Les cinq yamas sont : non-violence, véracité, non-vol, brahmacharya et non-attachement. Les cinq niyamas sont : pureté, contentement, étude du Soi, tapas (austérité) et remise à Dieu. Les yamas et les niyamas sont les deux premières composantes des huit composantes intégrales du yoga : yamas, niyamas, asanas, pranayama, pratyahara, dharana, dhyana et samadhi. La pratique du yoga (sadhana) ne peut se faire qu’à l’intérieur de la forteresse protectrice des yamas et des niyamas. Sans ce fondement, le chercheur est condamné à des perturbations sans fin.
Les yama et niyama (les disciplines et les observances) sont des aides à la purification. Elles rendent la sadhana plus simple. Si on les néglige, de nombreux obstacles surgissent pendant la sadhana, et il faut très longtemps pour déraciner ces maux. Pour gagner du temps et de l’énergie, il est nécessaire de recourir aux yama et niyama.
Le chercheur qui veut poursuivre paisiblement la voie du sadhana doit renoncer à la violence, à la non-vérité, au vol, à la promiscuité, à l’accumulation, à la jalousie, à l’impatience, à la cruauté, à la suralimentation et aux autres impuretés. Tout cela doit être évité et abandonné ; sinon, il y aura toujours des distractions et des troubles dans la pratique du sadhana.

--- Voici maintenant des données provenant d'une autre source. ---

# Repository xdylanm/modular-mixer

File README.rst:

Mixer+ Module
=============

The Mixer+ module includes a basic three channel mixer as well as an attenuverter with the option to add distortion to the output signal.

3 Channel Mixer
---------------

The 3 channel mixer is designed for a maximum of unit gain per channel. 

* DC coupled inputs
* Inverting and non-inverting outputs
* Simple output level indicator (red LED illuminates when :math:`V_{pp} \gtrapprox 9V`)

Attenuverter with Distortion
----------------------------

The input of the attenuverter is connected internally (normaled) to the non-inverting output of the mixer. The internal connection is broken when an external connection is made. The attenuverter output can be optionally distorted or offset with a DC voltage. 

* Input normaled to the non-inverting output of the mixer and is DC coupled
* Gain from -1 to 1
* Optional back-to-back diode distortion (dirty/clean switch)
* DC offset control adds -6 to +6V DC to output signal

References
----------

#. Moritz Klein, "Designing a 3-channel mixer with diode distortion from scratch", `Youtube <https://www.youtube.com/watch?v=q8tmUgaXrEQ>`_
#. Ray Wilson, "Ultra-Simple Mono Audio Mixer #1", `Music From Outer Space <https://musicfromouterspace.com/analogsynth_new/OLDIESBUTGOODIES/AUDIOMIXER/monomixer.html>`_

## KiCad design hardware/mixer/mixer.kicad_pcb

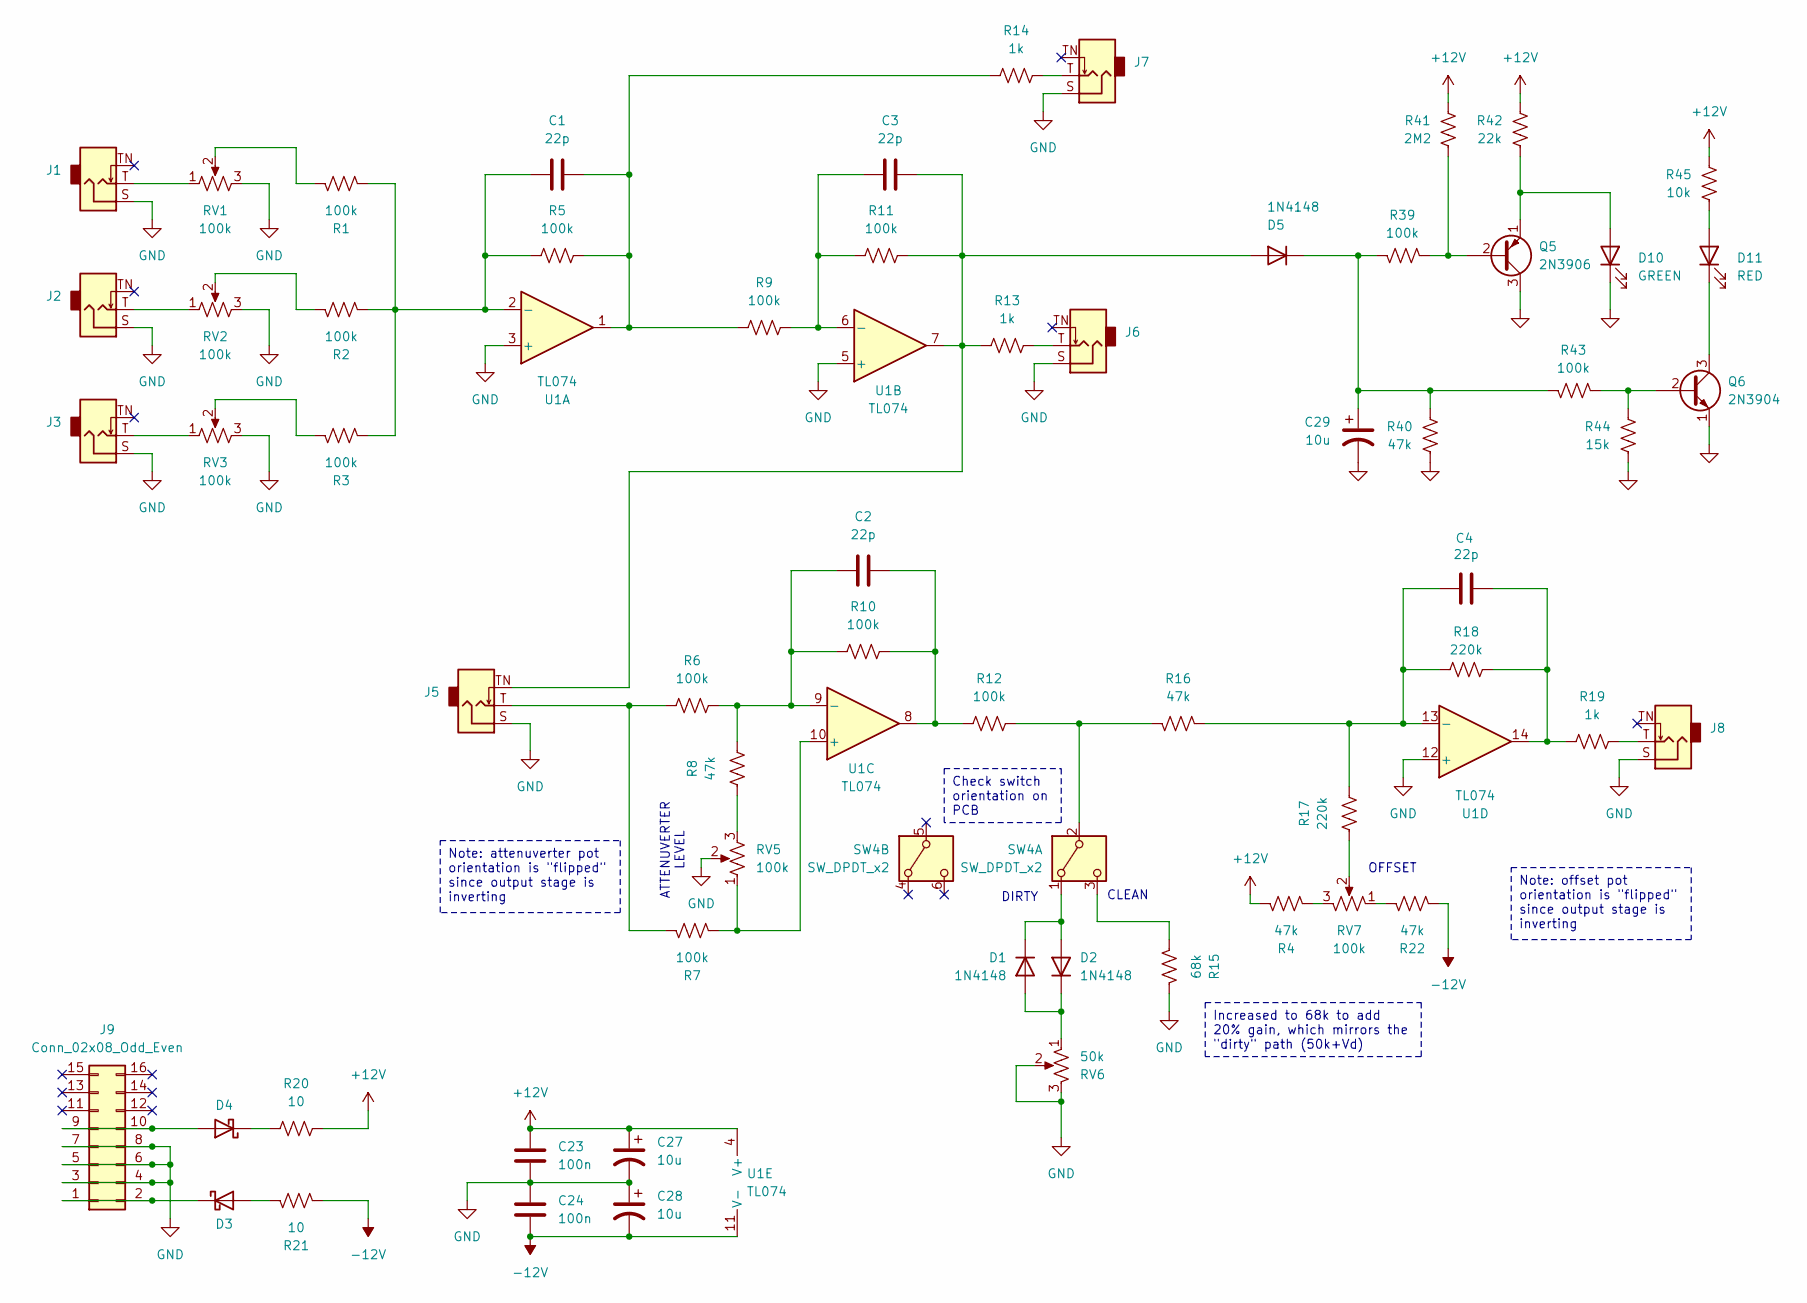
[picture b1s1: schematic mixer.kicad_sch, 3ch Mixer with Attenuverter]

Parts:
C1: 22p; C_Disc_D5.0mm_W2.5mm_P5.00mm
C2, C3, C4: 22p; C_Disc_D5.0mm_W2.5mm_P2.50mm
C23, C24: 100n; C_Disc_D5.0mm_W2.5mm_P2.50mm
C27, C28, C29: 10u; CP_Radial_D4.0mm_P2.00mm
D1, D2: 1N4148; D_DO-35_SOD27_P2.54mm_Vertical_AnodeUp
D3: D_Schottky; D_DO-41_SOD81_P2.54mm_Vertical_AnodeUp
D4: D_Schottky; D_DO-41_SOD81_P2.54mm_Vertical_KathodeUp
D5: 1N4148; D_DO-35_SOD27_P12.70mm_Horizontal
D10: GREEN; LED_D3.0mm_Clear
D11: RED; LED_D3.0mm_Clear
J1, J2, J3, J5, J6, J7, J8: AudioJack2_SwitchT; Jack_3.5mm_QingPu_WQP-PJ301M-12_Vertical
J9: Conn_02x08_Odd_Even; IDC-Header_2x08_P2.54mm_Vertical
Q5: 2N3906; TO-92_Inline_Wide
Q6: 2N3904; TO-92_Inline_Wide
R1, R2, R3, R5, R6, R7, R10, R11, R12, R39, R43: 100k; R_Axial_DIN0204_L3.6mm_D1.6mm_P2.54mm_Vertical
R4, R8, R22, R40: 47k; R_Axial_DIN0204_L3.6mm_D1.6mm_P2.54mm_Vertical
R9: 100k; R_Axial_DIN0207_L6.3mm_D2.5mm_P15.24mm_Horizontal
R13, R14, R19: 1k; R_Axial_DIN0204_L3.6mm_D1.6mm_P2.54mm_Vertical
R15: 68k; R_Axial_DIN0204_L3.6mm_D1.6mm_P2.54mm_Vertical
R16: 47k; R_Axial_DIN0207_L6.3mm_D2.5mm_P15.24mm_Horizontal
R17, R18: 220k; R_Axial_DIN0204_L3.6mm_D1.6mm_P2.54mm_Vertical
R20: 10; R_Axial_DIN0204_L3.6mm_D1.6mm_P2.54mm_Vertical
R21: 10; R_Axial_DIN0207_L6.3mm_D2.5mm_P10.16mm_Horizontal
R41: 2M2; R_Axial_DIN0204_L3.6mm_D1.6mm_P2.54mm_Vertical
R42: 22k; R_Axial_DIN0204_L3.6mm_D1.6mm_P2.54mm_Vertical
R44: 15k; R_Axial_DIN0204_L3.6mm_D1.6mm_P2.54mm_Vertical
R45: 10k; R_Axial_DIN0204_L3.6mm_D1.6mm_P2.54mm_Vertical
RV1, RV2, RV3, RV5, RV7: 100k; Potentiometer_Bourns_PTV09A-1_Single_Vertical
RV6: 50k; Potentiometer_Bourns_PTV09A-1_Single_Vertical
SW4: SW_DPDT_x2; SW_DPDT_13mm_x_13mm_P5.00mm
U1: TL074; DIP-14_W7.62mm_Socket

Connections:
+12V: C23.2, C27.1, R4.1, R20.2, R41.2, R42.2, R45.2, U1.4 (V+)
-12V: C24.1, C28.2, R21.2, R22.2, U1.11 (V-)
GND: C23.1, C24.2, C27.2, C28.1, C29.2, D10.1 (K), J1.S, J2.S, J3.S, J5.S, J6.S, J7.S, J8.S, J9.3, J9.4, J9.5, J9.6, J9.7, J9.8, Q5.3 (C), Q6.1 (E), R15.1, R40.1, R44.1, RV1.3, RV2.3, RV3.3, RV5.2, RV6.2, RV6.3, U1.3 (+), U1.5 (+), U1.12 (+)
unnamed: C1.2, R5.2, R9.1, R14.1, U1.1
unnamed: C2.2, R10.2, R12.1, U1.8
unnamed: C4.2, R18.2, R19.1, U1.14
unnamed: D1.2 (A), D2.1 (K), RV6.1
unnamed: D1.1 (K), D2.2 (A), SW4.1 (A)
unnamed: D3.2 (A), R21.1
unnamed: D3.1 (K), J9.1, J9.2
unnamed: D4.2 (A), J9.9, J9.10
unnamed: D4.1 (K), R20.1
unnamed: C3.2, D5.2 (A), J5.TN, R11.2, R13.1, U1.7
unnamed: C29.1, D5.1 (K), R39.2, R40.2, R43.2
unnamed: D10.2 (A), Q5.1 (E), R42.1
unnamed: D11.2 (A), R45.1
unnamed: D11.1 (K), Q6.3 (C)
unnamed: J1.T, RV1.1
unnamed: J2.T, RV2.1
unnamed: J3.T, RV3.1
unnamed: J5.T, R6.1, R7.1
unnamed: J6.T, R13.2
unnamed: J7.T, R14.2
unnamed: J8.T, R19.2
unnamed: Q5.2 (B), R39.1, R41.1
unnamed: Q6.2 (B), R43.1, R44.2
unnamed: R1.1, RV1.2
unnamed: R2.1, RV2.2
unnamed: R3.1, RV3.2
unnamed: R4.2, RV7.3
unnamed: R8.1, RV5.3
unnamed: R17.1, RV7.2
unnamed: R22.1, RV7.1
unnamed: R12.2, R16.2, SW4.2 (B)
unnamed: R15.2, SW4.3 (C)
unnamed: C1.1, R1.2, R2.2, R3.2, R5.1, U1.2 (-)
unnamed: C3.1, R9.2, R11.1, U1.6 (-)
unnamed: R7.2, RV5.1, U1.10 (+)
unnamed: C2.1, R6.2, R8.2, R10.1, U1.9 (-)
unnamed: C4.1, R16.1, R17.2, R18.1, U1.13 (-)

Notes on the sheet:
Increased to 68k to add 20% gain, which mirrors the "dirty" path (50k+Vd)
Note: attenuverter pot orientation is "flipped" since output stage is inverting
Note: offset pot orientation is "flipped" since output stage is inverting
Check switch orientation on PCB
CLEAN
ATTENUVERTER LEVEL
DIRTY
OFFSET

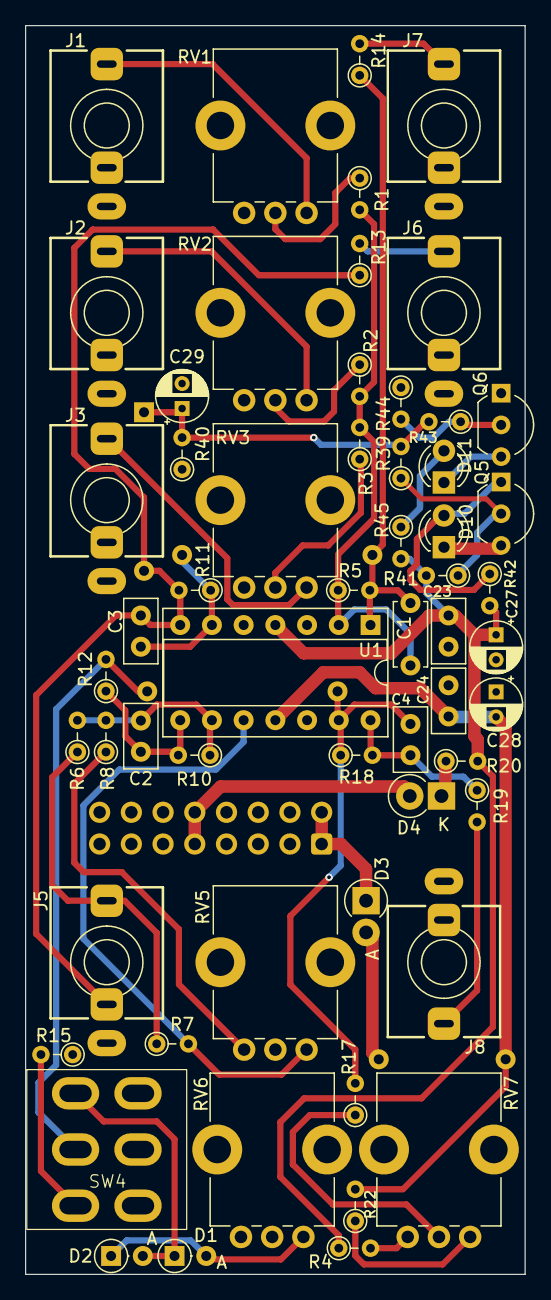
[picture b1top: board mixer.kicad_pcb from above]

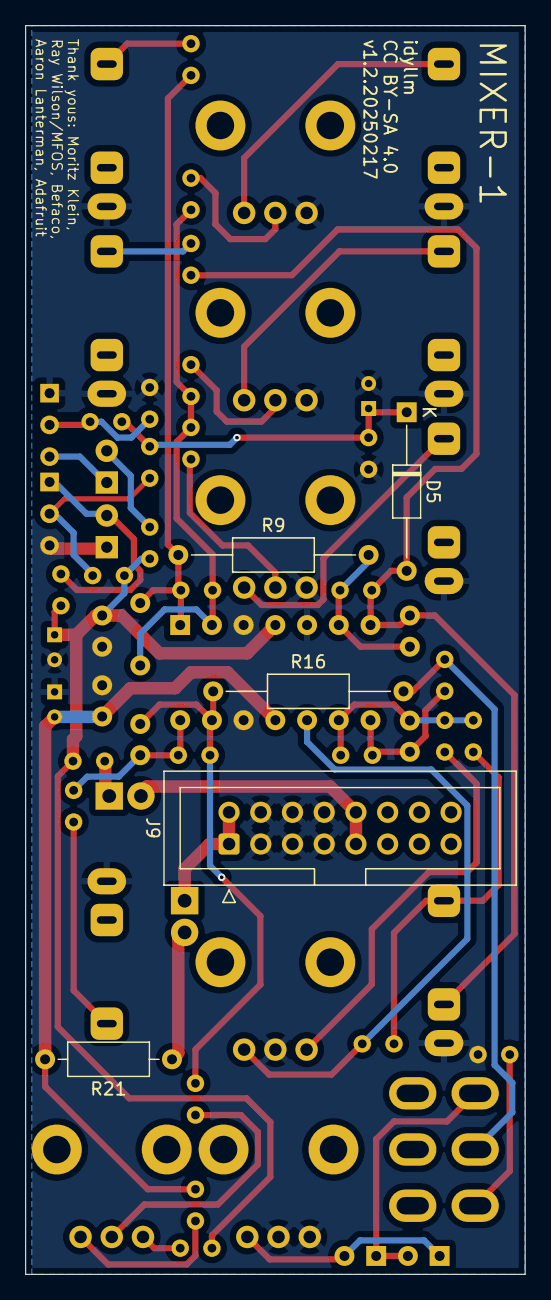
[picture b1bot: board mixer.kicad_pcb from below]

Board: 2 copper layers, 40.0 x 100.0 mm, 63 parts (5 on the bottom side), 40 nets.

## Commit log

2025-02-17 Moved mixer module from toolbox to own repo, updated docs based on 1.1 build
2025-02-17 added image of module
2025-02-18 changed R15 to 68k

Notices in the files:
hardware/mixer/mixer.kicad_pcb:
CC BY-SA 4.0

Il existe d’innombrables asanas et mudras. Pourtant, les anciens maîtres n’en ont donné la prédominance qu’à dix. Ce sont : mulabandha, uddiyanabandha, jalandharbandha, mahamudra, mahavedha, mahabandha, viparitakarani, vajroli, shakticalana et khechari. Ces dix mudras sont les expériences immortelles du kriya yoga. Un vrai yogi les réalisera certainement par une sadhana yogique appropriée.
Un aspect unique de la pratique du yoga (sadhana), c’est que la pratique entière et sincère de n’importe quelle technique fait spontanément surgir, d’une manière naturelle, tout l’éventail des techniques yogiques. Ainsi, les étapes initiales du yoga préparent le terrain pour les étapes plus avancées.